Frequency (250 MHz to 9.2 GHz) and viscosity dependence of electron spin relaxation of triarylmethyl radicals at room temperature.

Electron spin relaxation times for four triarylmethyl (trityl) radicals at room temperature were measured by long-pulse saturation recovery, inversion recovery, and electron spin echo at 250 MHz, 1.5, 3.1, and 9.2 GHz in mixtures of water and glycerol. At 250 MHz T(1) is shorter than at X-band and more strongly dependent on viscosity. The enhanced relaxation at 250 MHz is attributed to modulation of electron-proton dipolar coupling by tumbling of the trityl radicals at rates that are comparable to the reciprocal of the resonance frequency. Deuteration of the solvent was used to distinguish relaxation due to solvent protons from the relaxation due to intra-molecular electron-proton interactions at 250 MHz.
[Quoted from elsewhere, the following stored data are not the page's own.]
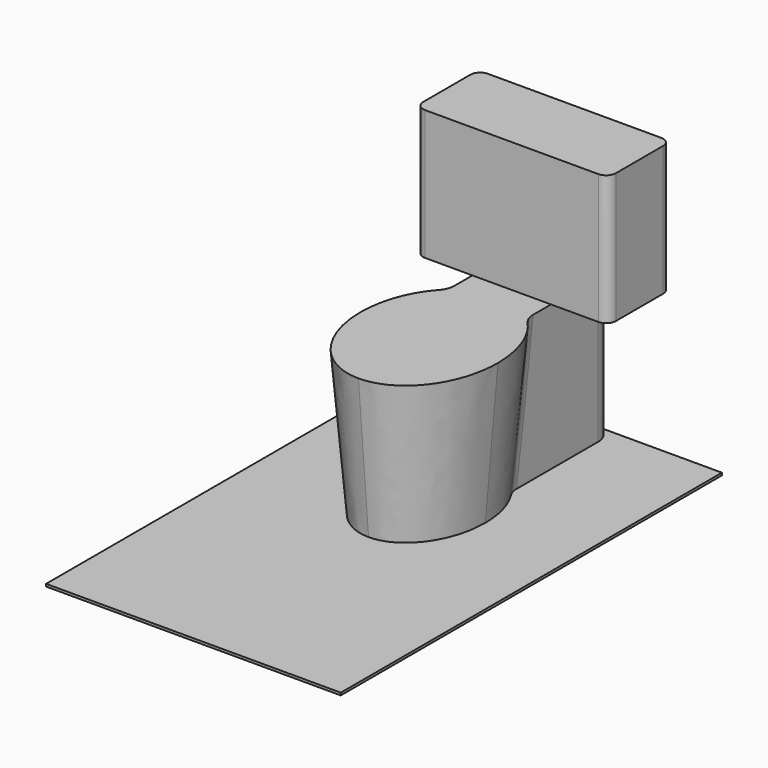
from build123d import *

# Parameters (mm, degrees)
F6_DEPTH  = 381
F6_TAPER  = 5
F7_DEPTH  = 381
F4_W      = 498.475
F4_H      = 203.2
F8_DEPTH  = 336.55
F9_R      = 50.8
F10_R     = 50.8
F11_R     = 25.4
F5_W      = 762
F5_H      = 1231.9
F12_DEPTH = 6.35


with BuildPart() as f6:
    # F2 (on offset) → F6 (new body, through all)
    with BuildSketch(Plane.XY.offset(381)):
        with BuildLine():
            add(Edge.make_bspline(
                [(0, 228.6), (-307.9586335857, 228.6), (-153.9793167929, -114.3), (0, -457.2), (153.9793167929, -114.3), (307.9586335857, 228.6), (0, 228.6)],
                knots=[0, 0, 0, 2.0943951024, 2.0943951024, 4.1887902048, 4.1887902048, 6.2831853072, 6.2831853072, 6.2831853072], degree=2, weights=[1, 0.5, 1, 0.5, 1, 0.5, 1]))
        make_face()
    extrude(amount=-F6_DEPTH, taper=F6_TAPER)

    # F3 (on Top) → F7 (join, through all)
    with BuildSketch(Plane.XY):
        Polygon((-101.6, 469.9), (-101.6, 0), (0, 0), (101.6, 0), (101.6, 469.9), align=None)
    extrude(amount=F7_DEPTH)

    # F4 (on offset) → F8 (join, through all)
    with BuildSketch(Plane.XY.offset(381)):
        with Locations((0, 368.3)):
            Rectangle(F4_W, F4_H)
    extrude(amount=F8_DEPTH)

    # F9
    f9_edges = [f6.edges().sort_by_distance(p)[0] for p in [
        (-101.6, 469.9, 190.5),
        (101.6, 469.9, 190.5),
    ]]
    fillet(f9_edges, radius=F9_R)

    # F10
    f10_edges = [f6.edges().sort_by_distance(p)[0] for p in [
        (101.6, 164.265069, 190.329553),
        (-101.6, 164.265069, 190.329553),
    ]]
    fillet(f10_edges, radius=F10_R)

    # F11
    f11_edges = [f6.edges().sort_by_distance(p)[0] for p in [
        (249.2375, 266.7, 549.275),
        (249.2375, 469.9, 549.275),
        (-249.2375, 266.7, 549.275),
        (-249.2375, 469.9, 549.275),
    ]]
    fillet(f11_edges, radius=F11_R)

    # F5 (on Top) → F12 (join)
    with BuildSketch(Plane.XY):
        with Locations((0, -146.05)):
            Rectangle(F5_W, F5_H)
    extrude(amount=F12_DEPTH)


solid = f6.part

For trityl-CD(3), which contains no protons, modulation of dipolar interaction with solvent protons dominates T(1). For proton-containing radicals the relative importance of modulation of intra- and inter-molecular proton interactions varies with solution viscosity. The viscosity and frequency dependence of T(1) was modeled based on dipolar interaction with a defined number of protons at specified distances from the unpaired electron. At each of the frequencies examined T(2) decreases with increasing viscosity consistent with contributions from T(1) and from incomplete motional averaging of anisotropic hyperfine interaction.